I still remember when Senator Coleman and I came in the very next morning--we flew in with the Secretary of Transportation, Mary Peters--and there were already billboards up, literally 12 hours later, directing people where to go with the traffic and how to get buses to get to where they had to go. As I said that day, a bridge in America should not just fall down, but when one does fall down, we rebuild it. In the 72 hours immediately following the bridge collapse, Norm and I worked together to secure $250 million in emergency bridge construction funding. Representative Jim Oberstar led the way in the House. Approval of this funding came with remarkable speed and bipartisanship. Capitol Hill veterans tell me it was a rare feat, aided by unity among Minnesota's elected leaders across the aisle, across the political spectrum. I am pleased to report that just 13 months after that collapse, Minnesota drivers were able to drive over a safe new 35W bridge and eight-lane highway. That is just 13 months after the collapse.

While the bridge is the most visible example, Norm and I had many other opportunities to work together on issues that mattered to the people in our State.

There was another Minnesota disaster in August 2007 when severe flooding hit the southeastern corner of our State. We worked on this together, along with Congressman Walz, to ensure a rapid, effective response by Federal agencies to help communities, businesses, and families in need.

We worked together on the Agriculture Committee. We both served on that committee. We succeeded in passing a new farm bill that was very important to our State.

We worked together with a bipartisan group of Senators on energy legislation, to move forward in unity.
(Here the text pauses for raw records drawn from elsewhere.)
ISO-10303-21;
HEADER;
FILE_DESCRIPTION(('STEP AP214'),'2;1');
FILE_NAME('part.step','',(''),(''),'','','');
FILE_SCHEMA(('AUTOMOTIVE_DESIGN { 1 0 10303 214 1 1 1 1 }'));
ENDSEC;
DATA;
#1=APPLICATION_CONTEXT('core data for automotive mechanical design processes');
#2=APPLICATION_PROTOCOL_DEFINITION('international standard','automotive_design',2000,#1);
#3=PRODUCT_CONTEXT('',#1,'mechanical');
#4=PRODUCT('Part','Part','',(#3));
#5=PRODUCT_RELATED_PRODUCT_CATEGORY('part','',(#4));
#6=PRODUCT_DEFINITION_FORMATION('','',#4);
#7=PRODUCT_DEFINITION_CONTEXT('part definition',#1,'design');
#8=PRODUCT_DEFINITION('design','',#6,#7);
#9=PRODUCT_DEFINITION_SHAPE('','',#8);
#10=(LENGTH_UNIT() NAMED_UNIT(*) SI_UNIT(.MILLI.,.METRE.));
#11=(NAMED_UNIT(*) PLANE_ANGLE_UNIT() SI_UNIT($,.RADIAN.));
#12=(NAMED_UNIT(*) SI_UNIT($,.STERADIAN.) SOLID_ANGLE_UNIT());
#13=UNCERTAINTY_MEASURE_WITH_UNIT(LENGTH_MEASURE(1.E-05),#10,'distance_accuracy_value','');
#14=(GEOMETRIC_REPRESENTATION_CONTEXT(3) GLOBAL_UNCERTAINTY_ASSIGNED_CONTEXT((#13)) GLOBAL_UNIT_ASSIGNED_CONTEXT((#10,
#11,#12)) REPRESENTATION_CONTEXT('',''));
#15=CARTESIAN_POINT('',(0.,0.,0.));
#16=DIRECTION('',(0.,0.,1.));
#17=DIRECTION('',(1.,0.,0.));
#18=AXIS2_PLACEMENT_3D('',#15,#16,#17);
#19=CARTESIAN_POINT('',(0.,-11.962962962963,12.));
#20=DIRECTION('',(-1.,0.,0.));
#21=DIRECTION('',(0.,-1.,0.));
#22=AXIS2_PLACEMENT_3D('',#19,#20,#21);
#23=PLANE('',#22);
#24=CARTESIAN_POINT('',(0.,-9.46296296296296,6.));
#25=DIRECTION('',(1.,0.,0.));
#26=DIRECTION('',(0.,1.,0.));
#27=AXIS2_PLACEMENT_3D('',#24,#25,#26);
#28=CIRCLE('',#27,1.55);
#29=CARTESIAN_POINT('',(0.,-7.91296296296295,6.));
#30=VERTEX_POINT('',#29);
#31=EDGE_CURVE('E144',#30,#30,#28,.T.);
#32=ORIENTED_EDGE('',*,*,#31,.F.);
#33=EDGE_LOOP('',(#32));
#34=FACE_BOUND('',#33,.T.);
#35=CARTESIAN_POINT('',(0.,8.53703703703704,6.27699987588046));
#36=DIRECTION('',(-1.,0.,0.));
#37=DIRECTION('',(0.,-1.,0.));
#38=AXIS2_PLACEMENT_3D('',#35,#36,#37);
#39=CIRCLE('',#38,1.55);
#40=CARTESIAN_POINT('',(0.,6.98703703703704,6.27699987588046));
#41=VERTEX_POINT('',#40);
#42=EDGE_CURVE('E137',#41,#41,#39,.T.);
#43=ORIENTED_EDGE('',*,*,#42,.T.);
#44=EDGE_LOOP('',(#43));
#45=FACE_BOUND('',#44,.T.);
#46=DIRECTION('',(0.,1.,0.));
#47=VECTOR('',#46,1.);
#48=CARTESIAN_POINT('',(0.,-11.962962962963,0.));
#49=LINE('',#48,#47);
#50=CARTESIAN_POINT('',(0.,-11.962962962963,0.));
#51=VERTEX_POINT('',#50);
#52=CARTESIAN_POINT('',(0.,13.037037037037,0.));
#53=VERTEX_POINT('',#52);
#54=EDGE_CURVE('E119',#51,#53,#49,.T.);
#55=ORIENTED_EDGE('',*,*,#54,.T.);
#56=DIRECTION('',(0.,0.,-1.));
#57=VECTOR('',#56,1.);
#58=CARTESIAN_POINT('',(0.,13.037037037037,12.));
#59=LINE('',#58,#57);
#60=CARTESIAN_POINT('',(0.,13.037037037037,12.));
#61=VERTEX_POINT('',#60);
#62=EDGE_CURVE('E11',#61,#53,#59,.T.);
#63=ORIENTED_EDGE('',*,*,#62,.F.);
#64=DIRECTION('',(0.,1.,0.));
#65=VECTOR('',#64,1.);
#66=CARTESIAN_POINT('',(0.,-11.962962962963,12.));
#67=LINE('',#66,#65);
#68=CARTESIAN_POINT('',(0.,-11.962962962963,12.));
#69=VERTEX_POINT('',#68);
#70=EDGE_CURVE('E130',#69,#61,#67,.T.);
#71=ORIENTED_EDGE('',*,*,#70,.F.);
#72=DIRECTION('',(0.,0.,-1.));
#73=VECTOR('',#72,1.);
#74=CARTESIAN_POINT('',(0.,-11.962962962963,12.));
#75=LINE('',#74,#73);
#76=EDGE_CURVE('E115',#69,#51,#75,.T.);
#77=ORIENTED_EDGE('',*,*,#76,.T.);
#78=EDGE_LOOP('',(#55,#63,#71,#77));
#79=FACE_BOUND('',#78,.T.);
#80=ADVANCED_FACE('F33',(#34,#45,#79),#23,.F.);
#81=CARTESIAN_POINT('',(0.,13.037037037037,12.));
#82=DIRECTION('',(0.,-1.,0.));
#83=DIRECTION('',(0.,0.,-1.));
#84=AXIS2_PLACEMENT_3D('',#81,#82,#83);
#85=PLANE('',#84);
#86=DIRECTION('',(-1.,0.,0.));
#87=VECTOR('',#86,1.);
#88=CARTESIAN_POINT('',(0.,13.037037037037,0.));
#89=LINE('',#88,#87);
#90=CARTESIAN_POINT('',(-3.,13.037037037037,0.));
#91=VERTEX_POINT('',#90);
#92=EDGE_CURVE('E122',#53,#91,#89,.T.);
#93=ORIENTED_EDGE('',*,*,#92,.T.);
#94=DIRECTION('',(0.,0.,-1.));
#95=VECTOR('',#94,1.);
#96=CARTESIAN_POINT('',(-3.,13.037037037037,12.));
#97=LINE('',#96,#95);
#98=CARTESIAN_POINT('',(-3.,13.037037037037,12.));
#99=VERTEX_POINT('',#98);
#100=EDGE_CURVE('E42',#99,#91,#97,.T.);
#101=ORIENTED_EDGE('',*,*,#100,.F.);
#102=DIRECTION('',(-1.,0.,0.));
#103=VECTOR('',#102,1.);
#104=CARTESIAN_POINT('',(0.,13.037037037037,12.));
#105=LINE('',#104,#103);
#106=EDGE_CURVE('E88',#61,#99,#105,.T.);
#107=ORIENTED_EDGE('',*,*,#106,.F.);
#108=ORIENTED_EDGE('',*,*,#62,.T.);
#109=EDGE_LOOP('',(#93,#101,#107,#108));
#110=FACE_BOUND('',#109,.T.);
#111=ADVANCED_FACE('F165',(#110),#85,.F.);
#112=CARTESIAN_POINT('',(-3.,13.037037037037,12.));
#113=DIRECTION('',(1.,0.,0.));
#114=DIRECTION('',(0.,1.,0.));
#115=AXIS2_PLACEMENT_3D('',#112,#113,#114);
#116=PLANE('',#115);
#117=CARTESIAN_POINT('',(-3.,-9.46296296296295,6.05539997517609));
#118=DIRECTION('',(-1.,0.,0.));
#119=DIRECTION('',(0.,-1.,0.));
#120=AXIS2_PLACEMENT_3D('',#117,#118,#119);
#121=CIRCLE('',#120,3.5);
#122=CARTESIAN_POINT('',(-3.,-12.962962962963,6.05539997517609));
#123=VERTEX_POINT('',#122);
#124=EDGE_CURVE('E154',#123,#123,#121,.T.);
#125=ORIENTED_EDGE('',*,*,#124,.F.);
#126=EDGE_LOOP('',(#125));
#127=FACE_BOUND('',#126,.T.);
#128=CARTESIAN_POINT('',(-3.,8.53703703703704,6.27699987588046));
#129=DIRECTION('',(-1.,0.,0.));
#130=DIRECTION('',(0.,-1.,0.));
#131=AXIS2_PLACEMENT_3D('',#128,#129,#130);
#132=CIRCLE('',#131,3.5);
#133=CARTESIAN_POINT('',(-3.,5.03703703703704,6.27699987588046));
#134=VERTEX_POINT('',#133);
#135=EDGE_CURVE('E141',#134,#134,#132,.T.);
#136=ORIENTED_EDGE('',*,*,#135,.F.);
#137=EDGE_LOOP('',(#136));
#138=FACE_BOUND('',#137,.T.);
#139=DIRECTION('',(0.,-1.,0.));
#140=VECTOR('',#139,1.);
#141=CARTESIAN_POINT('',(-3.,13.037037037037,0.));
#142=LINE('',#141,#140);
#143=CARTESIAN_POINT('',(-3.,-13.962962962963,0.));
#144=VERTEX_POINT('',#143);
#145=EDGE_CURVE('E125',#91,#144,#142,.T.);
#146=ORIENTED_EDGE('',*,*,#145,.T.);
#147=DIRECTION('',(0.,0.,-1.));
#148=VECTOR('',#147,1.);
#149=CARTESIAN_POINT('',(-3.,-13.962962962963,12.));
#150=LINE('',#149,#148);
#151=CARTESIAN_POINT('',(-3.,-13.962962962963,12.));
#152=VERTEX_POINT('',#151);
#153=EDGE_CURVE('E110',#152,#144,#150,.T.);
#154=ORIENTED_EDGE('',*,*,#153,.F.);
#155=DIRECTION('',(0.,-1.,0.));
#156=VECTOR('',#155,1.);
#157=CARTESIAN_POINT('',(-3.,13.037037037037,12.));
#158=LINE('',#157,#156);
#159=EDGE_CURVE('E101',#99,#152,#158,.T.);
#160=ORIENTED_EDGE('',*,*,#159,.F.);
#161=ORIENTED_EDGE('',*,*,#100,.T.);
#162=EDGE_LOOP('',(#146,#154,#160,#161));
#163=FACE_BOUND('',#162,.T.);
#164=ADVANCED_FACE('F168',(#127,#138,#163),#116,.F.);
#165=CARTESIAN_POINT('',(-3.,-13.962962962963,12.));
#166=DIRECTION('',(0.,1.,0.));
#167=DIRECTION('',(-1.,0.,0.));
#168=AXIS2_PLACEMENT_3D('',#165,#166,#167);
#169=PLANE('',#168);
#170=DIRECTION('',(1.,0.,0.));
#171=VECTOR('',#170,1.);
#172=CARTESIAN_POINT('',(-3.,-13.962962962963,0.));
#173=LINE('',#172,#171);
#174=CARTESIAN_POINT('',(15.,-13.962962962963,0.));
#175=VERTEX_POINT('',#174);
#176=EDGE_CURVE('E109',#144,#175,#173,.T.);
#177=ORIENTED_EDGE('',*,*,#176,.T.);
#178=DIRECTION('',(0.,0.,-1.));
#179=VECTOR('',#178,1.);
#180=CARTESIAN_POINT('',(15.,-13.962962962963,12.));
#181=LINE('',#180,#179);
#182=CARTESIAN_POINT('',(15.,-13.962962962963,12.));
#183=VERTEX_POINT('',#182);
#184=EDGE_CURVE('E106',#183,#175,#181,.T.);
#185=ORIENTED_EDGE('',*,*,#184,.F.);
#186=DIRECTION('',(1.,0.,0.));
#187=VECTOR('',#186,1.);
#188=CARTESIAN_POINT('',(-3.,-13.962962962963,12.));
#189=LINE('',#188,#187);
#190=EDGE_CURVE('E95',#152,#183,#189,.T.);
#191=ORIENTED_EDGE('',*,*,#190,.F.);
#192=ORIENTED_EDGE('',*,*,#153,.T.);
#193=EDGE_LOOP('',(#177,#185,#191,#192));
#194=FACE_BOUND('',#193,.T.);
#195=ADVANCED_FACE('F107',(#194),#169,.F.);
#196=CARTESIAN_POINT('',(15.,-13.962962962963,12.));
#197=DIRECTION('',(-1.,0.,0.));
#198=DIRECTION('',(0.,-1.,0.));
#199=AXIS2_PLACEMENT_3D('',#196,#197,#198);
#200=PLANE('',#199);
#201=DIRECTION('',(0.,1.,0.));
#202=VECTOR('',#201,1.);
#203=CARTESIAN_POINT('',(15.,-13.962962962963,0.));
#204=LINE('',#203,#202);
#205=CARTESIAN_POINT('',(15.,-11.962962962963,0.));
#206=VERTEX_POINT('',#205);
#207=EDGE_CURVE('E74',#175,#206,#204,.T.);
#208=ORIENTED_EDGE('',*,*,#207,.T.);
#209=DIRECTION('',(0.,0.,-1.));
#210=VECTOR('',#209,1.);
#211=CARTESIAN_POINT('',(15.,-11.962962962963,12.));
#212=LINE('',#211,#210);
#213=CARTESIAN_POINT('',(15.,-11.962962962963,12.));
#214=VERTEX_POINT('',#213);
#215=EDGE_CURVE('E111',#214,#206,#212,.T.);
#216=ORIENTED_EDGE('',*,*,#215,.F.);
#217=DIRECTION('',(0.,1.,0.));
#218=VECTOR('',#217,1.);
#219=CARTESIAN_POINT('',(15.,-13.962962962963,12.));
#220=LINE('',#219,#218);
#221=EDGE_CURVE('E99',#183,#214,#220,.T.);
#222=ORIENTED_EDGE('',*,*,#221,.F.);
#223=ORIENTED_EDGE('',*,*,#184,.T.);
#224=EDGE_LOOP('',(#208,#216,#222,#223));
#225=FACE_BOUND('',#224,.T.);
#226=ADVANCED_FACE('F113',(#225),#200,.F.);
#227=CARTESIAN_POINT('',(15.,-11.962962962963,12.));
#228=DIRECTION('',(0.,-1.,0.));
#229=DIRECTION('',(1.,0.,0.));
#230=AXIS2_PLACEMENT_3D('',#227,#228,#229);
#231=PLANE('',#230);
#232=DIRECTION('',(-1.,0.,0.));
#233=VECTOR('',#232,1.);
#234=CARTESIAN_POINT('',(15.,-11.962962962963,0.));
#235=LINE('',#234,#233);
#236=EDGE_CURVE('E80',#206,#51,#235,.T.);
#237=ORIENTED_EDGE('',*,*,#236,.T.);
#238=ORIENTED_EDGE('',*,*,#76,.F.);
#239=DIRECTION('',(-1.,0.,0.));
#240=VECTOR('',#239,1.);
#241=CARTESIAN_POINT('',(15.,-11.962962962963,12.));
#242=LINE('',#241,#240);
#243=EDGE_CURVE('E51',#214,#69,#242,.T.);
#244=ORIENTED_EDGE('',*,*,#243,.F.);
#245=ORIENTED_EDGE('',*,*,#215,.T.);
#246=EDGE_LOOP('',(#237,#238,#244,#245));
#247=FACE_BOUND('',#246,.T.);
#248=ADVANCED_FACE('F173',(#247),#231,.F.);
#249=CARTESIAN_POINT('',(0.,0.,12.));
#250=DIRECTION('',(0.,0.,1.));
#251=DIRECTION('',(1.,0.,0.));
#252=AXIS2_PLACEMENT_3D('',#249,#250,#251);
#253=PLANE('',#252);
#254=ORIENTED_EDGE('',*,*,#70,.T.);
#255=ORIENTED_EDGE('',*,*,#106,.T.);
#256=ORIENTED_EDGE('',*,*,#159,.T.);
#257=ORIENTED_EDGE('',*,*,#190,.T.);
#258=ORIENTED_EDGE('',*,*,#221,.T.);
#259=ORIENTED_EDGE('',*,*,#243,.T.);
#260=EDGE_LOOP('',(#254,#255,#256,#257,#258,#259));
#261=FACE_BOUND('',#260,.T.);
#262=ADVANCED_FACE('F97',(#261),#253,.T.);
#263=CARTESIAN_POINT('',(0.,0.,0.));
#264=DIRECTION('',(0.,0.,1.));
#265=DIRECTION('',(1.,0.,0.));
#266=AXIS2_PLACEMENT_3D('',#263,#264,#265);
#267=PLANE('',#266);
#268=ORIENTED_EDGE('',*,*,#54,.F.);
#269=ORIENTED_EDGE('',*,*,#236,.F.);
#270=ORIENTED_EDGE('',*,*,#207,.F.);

We worked together in securing Federal funds for the security costs of the Democratic and Republican National Conventions, along with our colleagues in Colorado. I still remember standing before this Chamber saying that I stood tall to obtain the funding to protect the security of the Republican leadership from across this country. We did that together.

We joined to secure educational benefits owed to our National Guard and Reserve troops returning from Active Duty overseas. We are so proud of our National Guard in Minnesota. The Red Bulls have served longer in Iraq than any other National Guard unit in the country. And Norm and I worked together to make sure we expanded the Beyond the Yellow Ribbon Program to help those Guard and Reserve who really have no base to go home to but go home to little towns across our State. We worked on that together.

Our State has a proud tradition of electing both Democrats and Republicans to office. They expect us to work together. From the very beginning, Norm and I knew that was part of our duty to the people of our State, that was part of our obligation, no matter if we disagreed on issues, that we were going to work together.

So today I acknowledge my former colleague, Norm Coleman, for the strength he has shown during this long campaign, for the grace he showed last week when he made that difficult decision, and for the fine work he did for the people of Minnesota.

Madam President, I yield the floor. I suggest the absence of a quorum.